# Regarding Boots



## 48blake (2 Nov 2009)

I recieved my kit list awhile back and was just wondering - it tells me I am required to bring boot polish, but not parade gloss. Should I pick up a tin of this as well? 

Cheers and thanks for the help.


----------



## ballz (2 Nov 2009)

48blake said:
			
		

> I recieved my kit list awhile back and was just wondering - it tells me I am required to bring boot polish, but not parade gloss. Should I pick up a tin of this as well?
> 
> Cheers and thanks for the help.



Are you talking about for basic? If so, this should be posted on the "Basic Training" board. This website is not just for people preparing for basic training, but since there are so many people in that situation, you have your own board for questions so that the rest of the forum isn't flooded with them.

If you're talking about the two different blacks offered by Kiwi, there's no difference in the two. I used normal polish the entire time at basic. I certainly did not get scolded during any inspections for "not having enough parade gloss on your boots."

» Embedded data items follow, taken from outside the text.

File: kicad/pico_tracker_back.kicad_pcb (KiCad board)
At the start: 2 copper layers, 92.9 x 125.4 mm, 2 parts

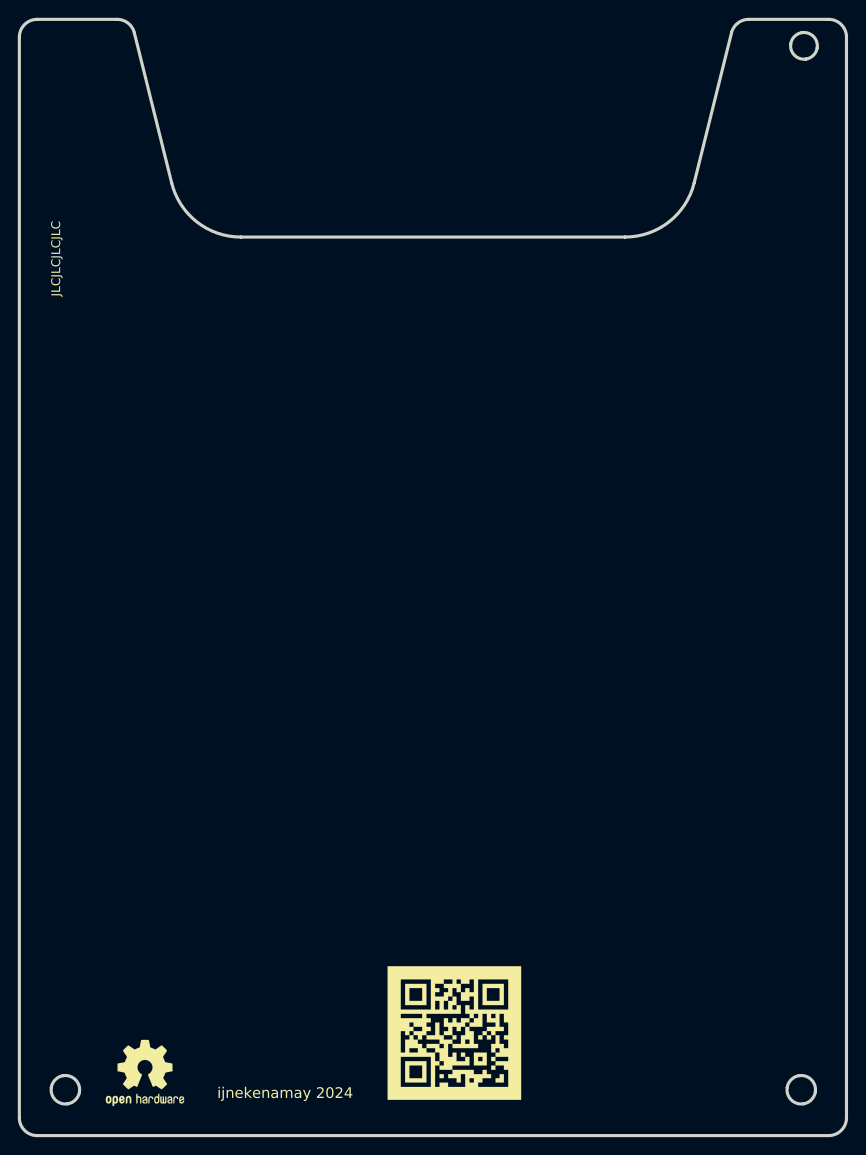
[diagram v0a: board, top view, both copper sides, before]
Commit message: fix alignment holes
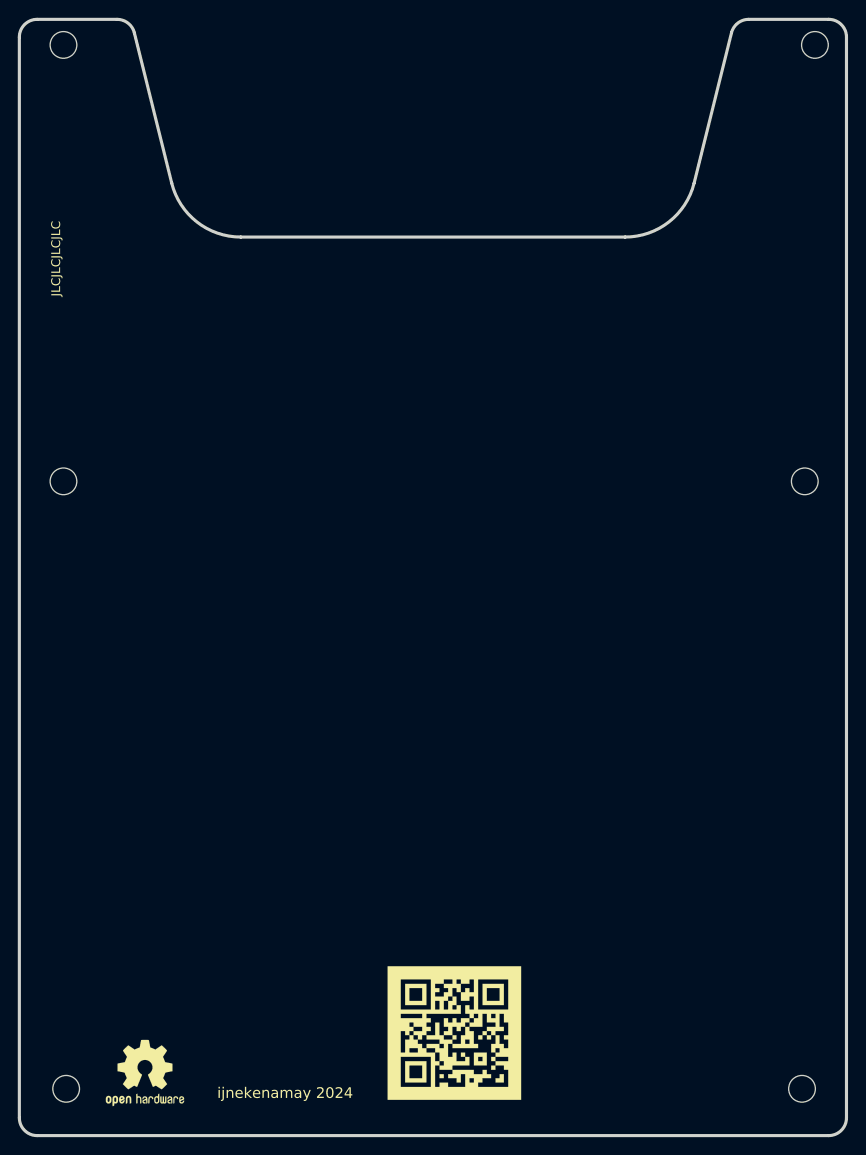
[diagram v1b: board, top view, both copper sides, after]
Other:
- outline, holes or cut-outs redrawn

I would suggest not bringing any polish. You get the chance to buy some at the Canex and it's a lot fresher and oilier than what you buy in most places. Also, when you get there the Canex gives you an arrival package with a coupon for a free large polish.


----------



## Snaketnk (2 Nov 2009)

On that note, myself as well as most of the guys I know prefer using regular Kiwi polish instead of Parade Gloss on their parade boots. Comes out better for some reason, in our experience.


----------



## aesop081 (2 Nov 2009)

ballz said:
			
		

> I would suggest not bringing any polish. You get the chance to buy some at the Canex and it's a lot fresher and oilier than what you buy in most places. Also, when you get there the Canex gives you an arrival package with a coupon for a free large polish.



ballz,

Judging by the fact that he got his kit before going on course, and the his avatar is the capbadge of a reserve unit and his username, i doubt he will be going to a CANEX as part of his arrival for BMQ.

To 48blake,

If you were told to bring polish, bring it. Thats what "required" means.


----------



## Redeye (2 Nov 2009)

Parade Gloss isn't worth the extra expense, plain old Kiwi comes up just as well.  In fact, I remember years ago on basic taught by the GGFG that they didn't want people using Parade Gloss as it tends to turn blueish?  No idea if that's true, but in any case, I've heeded it and only ever used plain old Kiwi and it works well.



			
				48blake said:
			
		

> I recieved my kit list awhile back and was just wondering - it tells me I am required to bring boot polish, but not parade gloss. Should I pick up a tin of this as well?
> 
> Cheers and thanks for the help.


----------



## ballz (2 Nov 2009)

CDN Aviator said:
			
		

> ballz,
> 
> Judging by the fact that he got his kit before going on course, and the his avatar is the capbadge of a reserve unit and his username, i doubt he will be going to a CANEX as part of his arrival for BMQ.
> 
> ...



I just went by the information available in his post (it says he received his kit list, not his kit). My powers of observation have failed me yet again


----------